2. Een verzoek tot ontheffing is ten minste voorzien van:
a. een onderbouwd plan waarin wordt aangetoond dat de kwaliteit, toegankelijkheid en continuïteit van specialistische jeugdzorg voor de jeugdigen in de gemeente gewaarborgd is;
b. een vergelijking met de regionale samenwerking waaruit blijkt dat zelfstandige inkoop substantieel betere resultaten oplevert op basis van objectieve criteria zoals wachttijden, beschikbaarheid en zorgresultaten;
c. een evaluatieplan waarin wordt vastgesteld hoe de effecten van de afwijking periodiek worden gemonitord en gerapporteerd aan Onze Minister van Volksgezondheid, Welzijn en Sport, en
d. een verklaring van de gemeenteraad waarin instemming wordt gegeven voor de afwijking van de regionale samenwerking.
4. Onze Minister van Volksgezondheid, Welzijn en Sport beslist binnen zes maanden op een ontheffingsverzoek en kan nadere voorwaarden stellen om de kwaliteit en continuïteit van de jeugdzorg te waarborgen.
5. Onze Minister van Volksgezondheid, Welzijn en Sport kan de ontheffing intrekken indien blijkt dat de gemeente niet voldoet aan de gestelde voorwaarden of de resultaten achterblijven bij de landelijke normen voor jeugdzorg.
Toelichting
Met dit amendement wordt een uitzondering mogelijk gemaakt op de verplichte regionale samenwerking voor specialistische jeugdzorg. Dit amendement komt tegemoet aan de zorgen van partijen, gemeenten en overige organisaties die vrezen dat de regionale samenwerking niet altijd zal leiden tot de beste zorguitkomsten en kan leiden tot bureaucratische inefficiëntie. Zij hebben in het werkveld opgemerkt dat verplichte samenwerking niet direct zal leiden tot betere kwaliteit en beschikbaarheid van specialistische jeugdzorg.

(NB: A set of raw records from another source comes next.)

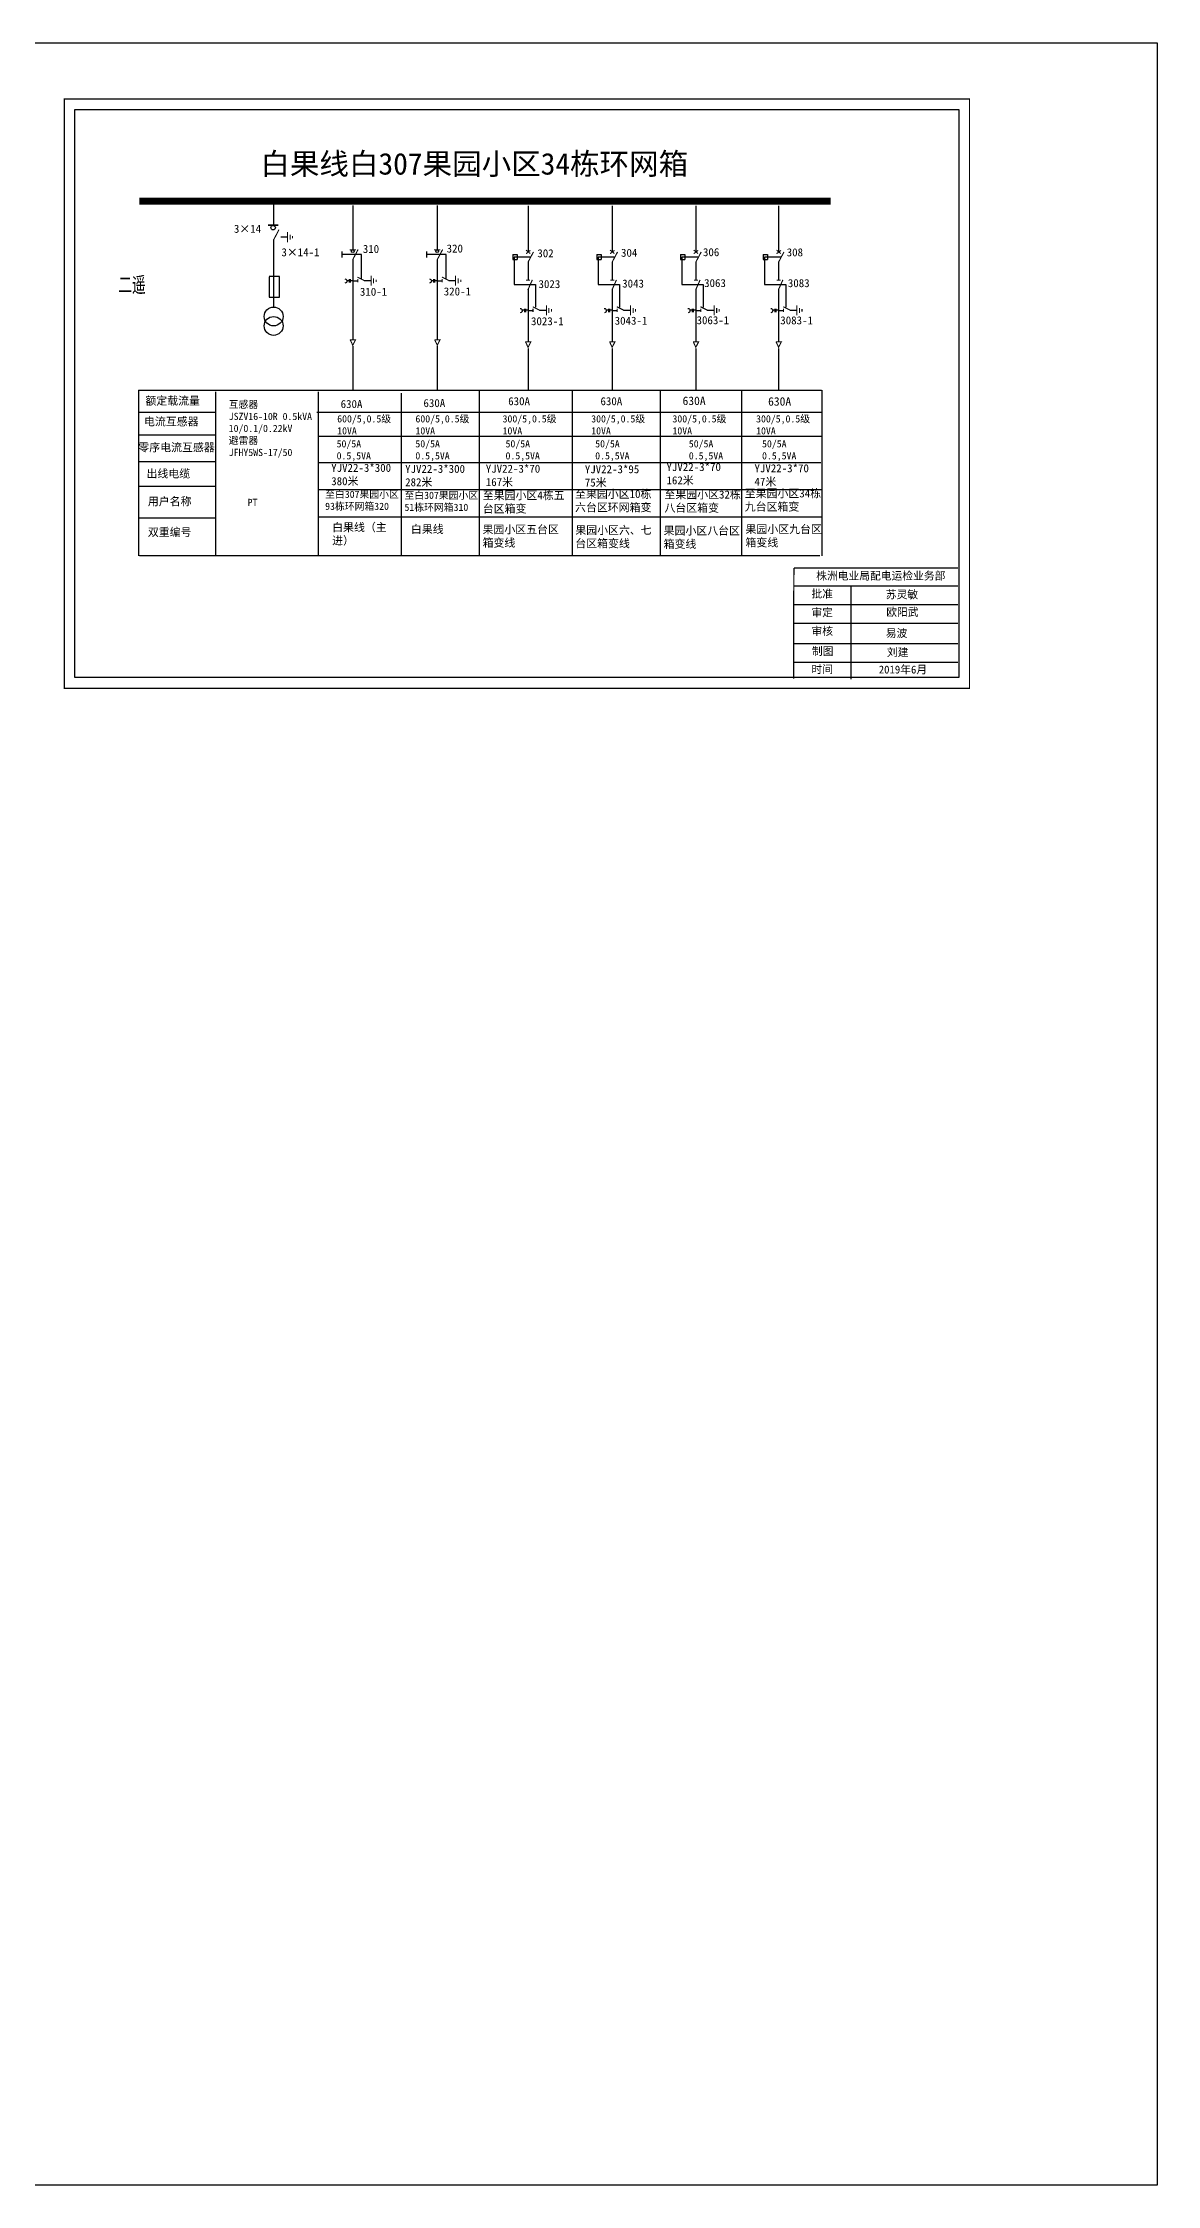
# Model space of a CAD drawing. Extents: x -194 to 226, y -192 to 105.
# Drawn here: x 71.3 to 225.8, y -191.9 to 105.1 of the extents above; entities that cross this region are included whole.
import ezdxf

# ---------------------------------------------------------------- set-up
doc = ezdxf.new("R2010")
doc.units = 0
doc.header["$LTSCALE"] = 0.774411
doc.linetypes.add('ACAD_ISO02W100', pattern=[15, 12, -3])
doc.linetypes.add('CENTER', pattern=[50.8, 31.75, -6.35, 6.35, -6.35])
doc.layers.get('0').update_dxf_attribs({"linetype": 'CONTINUOUS'})
doc.layers.add('2', color=7, linetype='CONTINUOUS')
doc.layers.add('3', color=7, linetype='CONTINUOUS')
doc.styles.add('hztxt_txtstyle_0.00_0_0', font='simkai.ttf')
doc.styles.add('hztxt_txtstyle_2.70_0_0', font='simkai.ttf', dxfattribs={"height": 2.7})
doc.styles.add('字体', font='', dxfattribs={"height": 2.5})
doc.styles.add('宋体', font='', dxfattribs={"width": 0.65})
doc.styles.get('字体').set_extended_font_data('SimSun')
doc.styles.get('宋体').set_extended_font_data('SimSun')

# ---------------------------------------------------------------- blocks, each defined once
blk = doc.blocks.new('JD')
for points in [[(-2, 0.2), (-2, -0.2), (2, 0.2), (2, -0.2)], [(1, -1.2), (1, -0.8), (-1, -1.2), (-1, -0.8)], [(-0.5, -1.8), (-0.5, -2.2), (0.5, -1.8), (0.5, -2.2)]]:
    blk.add_trace(points)

msp = doc.modelspace()

# ---------------------------------------------------------------- linework, layer by layer
at = {"color": 0}
for p, q in [((-194.22, 105.09), (225.78, 105.09)), ((103.27, 83.13), (103.27, 79.84)), ((114.25, 82.53), (114.25, 76.42)), ((125.97, 82.53), (125.97, 76.42)), ((138.56, 82.49), (138.56, 76.08)), ((150.22, 82.49), (150.22, 76.08)), ((161.82, 82.49), (161.82, 76.08)), ((173.29, 82.49), (173.29, 76.08)), ((103.29, 77.81), (103.29, 68.48)), ((104.27, 78.18), (105.21, 78.18)), ((114.25, 75.05), (114.25, 63.95)), ((125.97, 75.05), (125.97, 63.95)), ((136.43, 75.73), (137.03, 75.73)), ((136.43, 75.73), (136.43, 75.07)), ((136.43, 75.07), (137.03, 75.07)), ((137.03, 75.73), (137.03, 75.07)), ((138.56, 74.72), (138.56, 72.24)), ((148.09, 75.73), (148.69, 75.73)), ((148.09, 75.73), (148.09, 75.07)), ((148.09, 75.07), (148.69, 75.07)), ((148.69, 75.73), (148.69, 75.07)), ((150.22, 74.72), (150.22, 72.24)), ((159.69, 75.73), (160.28, 75.73)), ((159.69, 75.73), (159.69, 75.07)), ((159.69, 75.07), (160.28, 75.07)), ((160.28, 75.73), (160.28, 75.07)), ((161.82, 74.72), (161.82, 72.24)), ((171.16, 75.73), (171.76, 75.73)), ((171.16, 75.73), (171.16, 75.07)), ((171.16, 75.07), (171.76, 75.07)), ((171.76, 75.73), (171.76, 75.07)), ((173.29, 74.72), (173.29, 72.24)), ((114.25, 72.11), (114.95, 72.11)), ((115.85, 72.13), (116.79, 72.13)), ((125.97, 72.11), (126.66, 72.11)), ((127.57, 72.13), (128.51, 72.13)), ((138.56, 71), (138.56, 63.7)), ((150.22, 71), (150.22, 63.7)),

Door gemeenten de mogelijkheid te bieden om onder strikte voorwaarden af te wijken van de verplichte samenwerking, krijgen zij de ruimte om lokaal maatwerk te bieden als dit aantoonbaar effectiever is. Dit voorkomt dat gemeenten onnodig worden beperkt in hun beleidsvrijheid wanneer zij betere resultaten kunnen behalen buiten de opgelegde samenwerkingsstructuur. Hiermee wordt voorkomen dat gemeenten en/of al samenwerkende regio’s die aantoonbaar positieve resultaten kunnen presenteren, zowel kwalitatief als kwantitatief, in het nieuwe stelsel moeten afwijken van werkende methodes.
Tegelijkertijd beoogt dit amendement dat afwijkingen niet willekeurig of ongecontroleerd plaatsvinden. De aanvraagprocedure stelt strenge eisen aan de onderbouwing en de regering behoudt de mogelijkheid om aanvragen af te wijzen of in te trekken als deze niet aan de kwaliteitscriteria voldoen. De verplichting van de wet blijft gelden, totdat de regering de vrijstelling heeft gegeven om af te wijken de wet. Daarnaast blijft de mogelijkheid bestaan voor gemeenten om nog steeds de samenwerking op te zoeken, kennis te delen over het aanbieden van jeugdzorg, of kleinere gemeenten te helpen met jeugdzorgaanbod.